Neff B D, Repka J, Gross M R
Department of Zoology, University of Western Ontario, London, Ontario N6A 5B7, Canada.
Theor Popul Biol. 2001 Jun;59(4):315-31. doi: 10.1006/tpbi.2001.1520.
We develop fractional allocation models and confidence statistics for parentage analysis in mating systems. The models can be used, for example, to estimate the paternities of candidate males when the genetic mother is known or to calculate the parentage of candidate parent pairs when neither is known. The models do not require two implicit assumptions made by previous models, assumptions that are potentially erroneous. First, we provide formulas to calculate the expected parentage, as opposed to using a maximum likelihood algorithm to calculate the most likely parentage. The expected parentage is superior as it does not assume a symmetrical probability distribution of parentage and therefore, unlike the most likely parentage, will be unbiased. Second, we provide a mathematical framework for incorporating additional biological data to estimate the prior probability distribution of parentage. This additional biological data might include behavioral observations during mating or morphological measurements known to correlate with parentage. The value of multiple sources of information is increased accuracy of the estimates. We show that when the prior probability of parentage is known, and the expected parentage is calculated, fractional allocation provides unbiased estimates of the variance in reproductive success, thereby correcting a problem that has previously plagued parentage analyses. We also develop formulas to calculate the confidence interval in the parentage estimates, thus enabling the assessment of precision. These confidence statistics have not previously been available for fractional models. We demonstrate our models with several biological examples based on data from two fish species that we study, coho salmon (Oncorhychus kisutch) and bluegill sunfish (Lepomis macrochirus). In coho, multiple males compete to fertilize a single female's eggs. We show how behavioral observations taken during spawning can be combined with genetic data to provide an accurate calculation of each male's paternity. In bluegill, multiple males and multiple females may mate in a single nest. For a nest, we calculate the fertilization success and the 95% confidence interval of each candidate parent pair.
我们开发了用于交配系统中亲权分析的分数分配模型和置信统计量。例如,这些模型可用于在已知遗传母亲的情况下估计候选雄性的父权,或在双亲均未知时计算候选亲本对的亲权。我们的模型不需要先前模型所做的两个隐含假设,而这些假设可能是错误的。首先,我们提供了计算预期亲权的公式,而不是使用最大似然算法来计算最可能的亲权。
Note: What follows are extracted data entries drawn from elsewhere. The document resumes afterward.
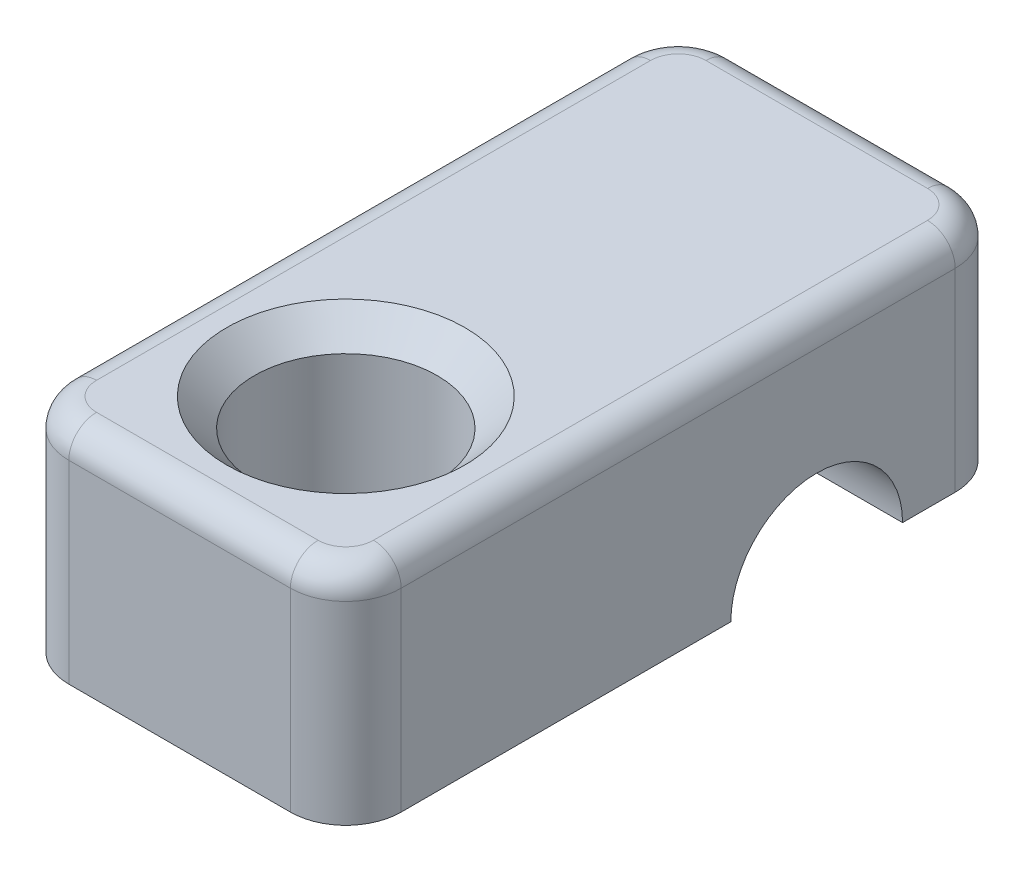
SolidWorks part; units mm, degrees
ref_plane "前基準面" through (0, 0, 0) normal (0, 0, 1) x (1, 0, 0)
ref_plane "上基準面" through (0, 0, 0) normal (0, 1, 0) x (1, 0, 0)
ref_plane "右基準面" through (0, 0, 0) normal (1, 0, 0) x (0, 0, -1)
sketch "草圖1" plane through (0, 0, 0) normal (1, 0, 0) x (0, 0, -1)
  line L0 (0, 0) -> (6.95, 0)
  line L1 (0, 0) -> (0, 4)
  line L2 (0, 4) -> (12, 4)
  line L3 (12, 4) -> (12, 0)
  line L4 (10.05, 0) -> (12, 0)
  arc A0 (10.05, 0) -> (6.95, 0) centre (8.5, 0) ccw
  dimension "D3" = 3.1
  dimension "D1" = 4
  dimension "D2" = 12
  dimension "D4" = 3.5
extrude "填料-伸長1" add sketch "草圖1" along normal blind 6
sketch "草圖2" plane through (0, 0, 0) normal (0, -1, 0) x (-1, 0, 0)
  line L0 (-3, 0) -> (-3, 6.95) construction
  line L1 (-6, 0) -> (0, 0) construction
  line L2 (-6, 6.95) -> (0, 6.95) construction
  circle A0 centre (-3, 3) radius 1.65
  dimension "D1" = 3.3
  dimension "D2" = 3
extrude "除料-伸長1" cut sketch "草圖2" against normal blind 6
fillet "圓角1" radius 1 4 edges at (6, 2, -12) (0, 2, -12) (6, 2, 0) (0, 2, 0)
chamfer "導角1" distance 0.5 angle 45 1 edges at (3, 4, -4.65)
fillet "圓角2" radius 0.5 8 edges at (0.2929, 4, -11.7071) (3, 4, -12) (5.7071, 4, -11.7071) (6, 4, -6) (5.7071, 4, -0.2929) (3, 4, 0) (0.2929, 4, -0.2929) (0, 4, -6)
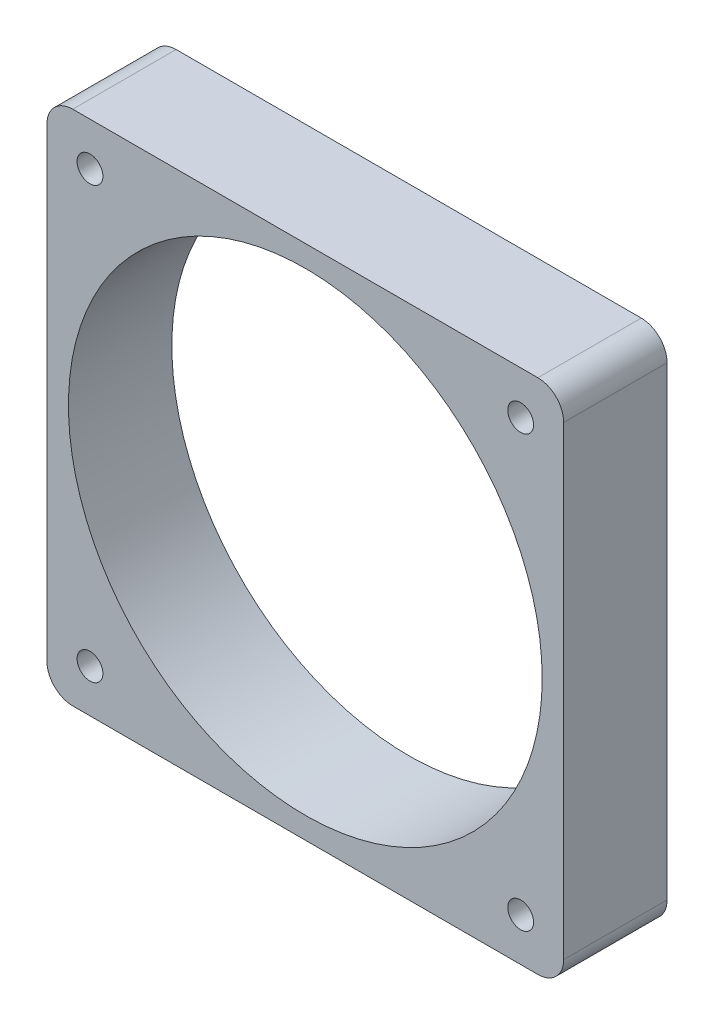
SolidWorks part; units mm, degrees
ref_plane "Front Plane" through (0, 0, 0) normal (0, 0, 1) x (1, 0, 0)
ref_plane "Top Plane" through (0, 0, 0) normal (0, 1, 0) x (1, 0, 0)
ref_plane "Right Plane" through (0, 0, 0) normal (1, 0, 0) x (0, 0, -1)
sketch "Sketch1" plane through (0, 0, 0) normal (0, 0, 1) x (1, 0, 0)
  line L0 (5.3333, 22) -> (5.3333, -38) construction
  line L1 (-24.6667, 22) -> (35.3333, 22)
  line L2 (-24.6667, 22) -> (-24.6667, -38)
  line L3 (-24.6667, -38) -> (35.3333, -38)
  line L4 (35.3333, 22) -> (35.3333, -38)
  line L5 (-24.6667, -8) -> (35.3333, -8) construction
  circle A0 centre (5.3333, -8) radius 27.5
  circle A1 centre (-19.6667, 17) radius 1.5
  circle A2 centre (30.3333, 17) radius 1.5
  circle A3 centre (-19.6667, -33) radius 1.5
  circle A4 centre (30.3333, -33) radius 1.5
  dimension "D2" = 55
  dimension "D3" = 3
  dimension "D1" = 60
  dimension "D4" = 5
  dimension "D5" = 5
  dimension "D6" = 5
  dimension "D7" = 5
extrude "Boss-Extrude1" add sketch "Sketch1" along normal blind 12
fillet "Fillet1" radius 3 4 edges at (-24.6667, -38, 6) (35.3333, -38, 6) (35.3333, 22, 6) (-24.6667, 22, 6)
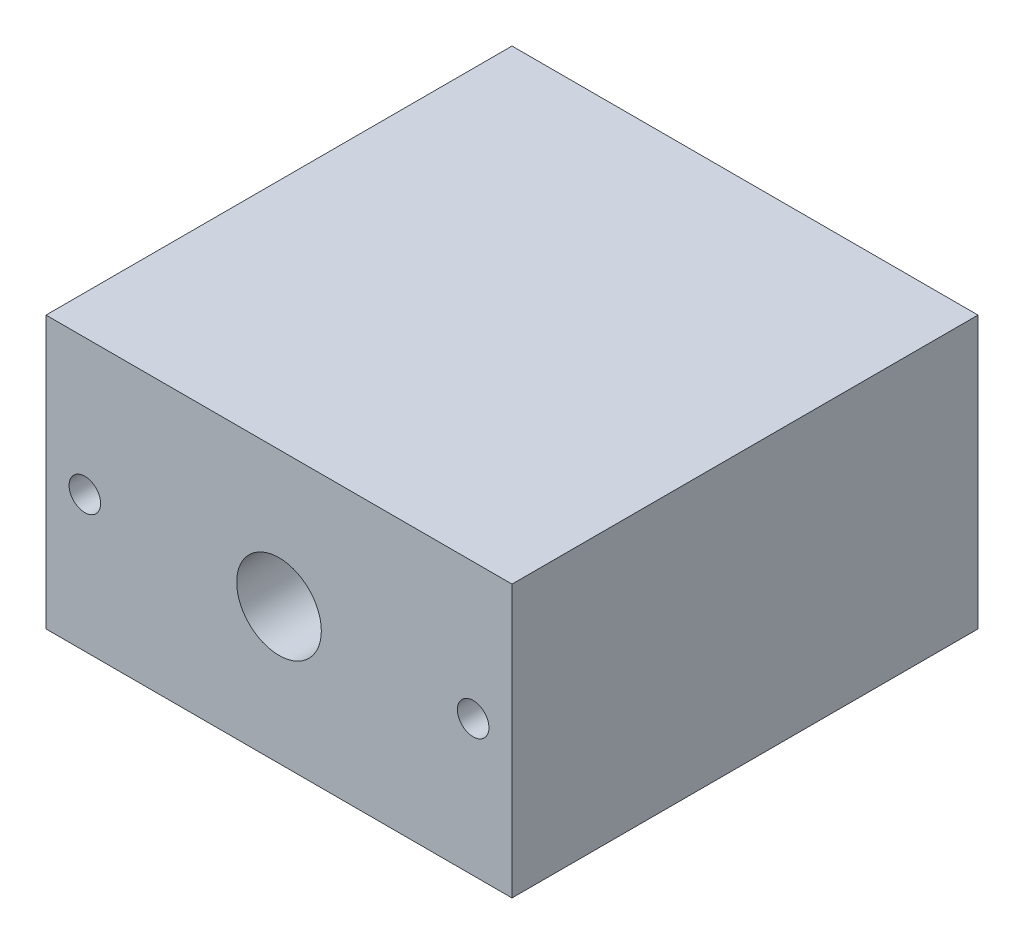
SolidWorks part; units mm, degrees
ref_plane "Front Plane" through (0, 0, 0) normal (0, 0, 1) x (1, 0, 0)
ref_plane "Top Plane" through (0, 0, 0) normal (0, 1, 0) x (1, 0, 0)
ref_plane "Right Plane" through (0, 0, 0) normal (1, 0, 0) x (0, 0, -1)
sketch "Sketch1" plane through (0, 0, 0) normal (0, 0, 1) x (1, 0, 0)
  line L1 (0, 0) -> (152.4, 0)
  line L2 (0, 0) -> (0, 88.9)
  line L3 (0, 88.9) -> (152.4, 88.9)
  line L4 (152.4, 0) -> (152.4, 88.9)
extrude "Boss-Extrude1" add sketch "Sketch1" along normal blind 152.4
sketch "Sketch2" plane through (0, 0, 0) normal (0, 0, 1) x (1, 0, 0)
  circle A0 centre (76.2, 44.45) radius 13.843
extrude "Cut-Extrude1" cut sketch "Sketch2" along normal through all
sketch "Sketch3" plane through (0, 0, 0) normal (0, 0, 1) x (1, 0, 0)
  circle A0 centre (12.7, 44.45) radius 5.1562
  circle A1 centre (139.7, 44.45) radius 5.1562
extrude "Cut-Extrude2" cut sketch "Sketch3" along normal through all
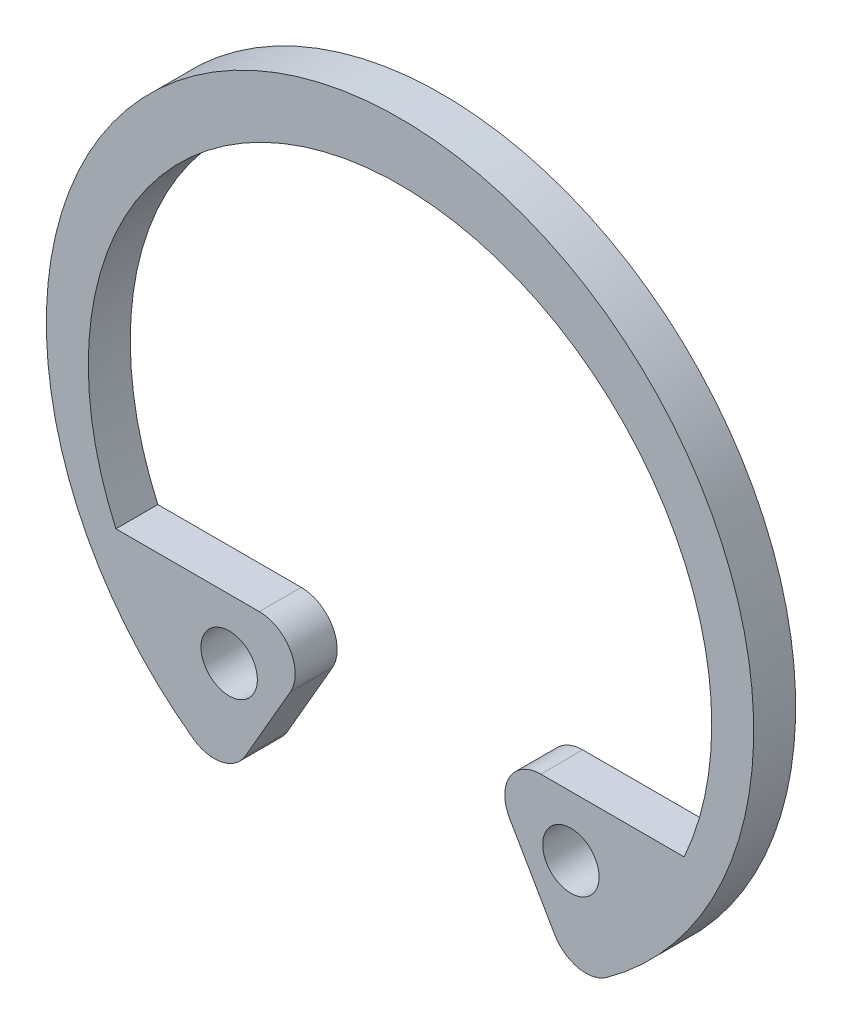
SolidWorks part; units mm, degrees
material "Alloy Steel"
ref_plane "Front Plane" through (0, 0, 0) normal (0, 0, 1) x (1, 0, 0)
ref_plane "Top Plane" through (0, 0, 0) normal (0, 1, 0) x (1, 0, 0)
ref_plane "Right Plane" through (0, 0, 0) normal (1, 0, 0) x (0, 0, -1)
sketch "Base Sketch" plane through (0, 0, 0) normal (0, 0, 1) x (1, 0, 0)
  line L0 (-2.3218, -4.191) -> (-3.275, -5.842)
  line L1 (0, 6.2738) -> (0, 0) construction
  line L4 (-6.0188, -3.048) -> (-2.9817, -3.048)
  line L5 (0, 0) -> (0, -3.048) construction
  line L6 (0, 0) -> (0, -4.318) construction
  line L7 (6.0188, -3.048) -> (2.9817, -3.048)
  line L8 (2.3218, -4.191) -> (3.275, -5.842)
  arc A0 (4.3804, -6.0792) -> (-4.3804, -6.0792) centre (0, 0) ccw
  arc A2 (6.0188, -3.048) -> (-6.0188, -3.048) centre (0, -0.3302) ccw
  arc A3 (3.275, -5.842) -> (4.3804, -6.0792) centre (3.935, -5.461) ccw
  arc A4 (2.9817, -3.048) -> (2.3218, -4.191) centre (2.9817, -3.81) ccw
  circle A5 centre (3.6195, -4.318) radius 0.5969
  circle A6 centre (-3.6195, -4.318) radius 0.5969
  arc A7 (-2.9817, -3.048) -> (-2.3218, -4.191) centre (-2.9817, -3.81) cw
  arc A8 (-3.275, -5.842) -> (-4.3804, -6.0792) centre (-3.935, -5.461) cw
  dimension "D1" = 14.986
  dimension "D2" = 10.5918
  dimension "D7" = 0.762
  dimension "D8" = 0.762
  dimension "D10" = 1.1938
  dimension "D3" = 0.3302
  dimension "D4" = 3.048
  dimension "D5" = 4.318
  dimension "D6" = 60
  dimension "D9" = 1.651
  dimension "D11" = 3.6195
  dimension "D12" = 4.318
  dimension "D13" = 6.0188
extrude "Base" add sketch "Base Sketch" against normal blind 0.889

预期亲权更具优势,因为它不假设亲权的概率分布是对称的,因此与最可能的亲权不同,它不会有偏差。其次,我们提供了一个数学框架,用于纳入额外的生物学数据以估计亲权的先验概率分布。这些额外的生物学数据可能包括交配期间的行为观察或已知与亲权相关的形态测量。多种信息源的价值在于提高估计的准确性。我们表明,当亲权的先验概率已知且计算出预期亲权时,分数分配提供了生殖成功方差的无偏估计,从而纠正了先前困扰亲权分析的一个问题。我们还开发了计算亲权估计置信区间的公式,从而能够评估精度。这些置信统计量以前在分数模型中是不可用的。我们用基于我们研究的两种鱼类——银大麻哈鱼(Oncorhychus kisutch)和蓝鳃太阳鱼(Lepomis macrochirus)的数据的几个生物学例子来展示我们的模型。在银大麻哈鱼中,多个雄性竞争使单个雌性的卵子受精。我们展示了如何将产卵期间的行为观察与遗传数据相结合,以准确计算每个雄性的父权。在蓝鳃太阳鱼中,多个雄性和多个雌性可能在单个巢穴中交配。对于一个巢穴,我们计算每个候选亲本对的受精成功率和95%置信区间。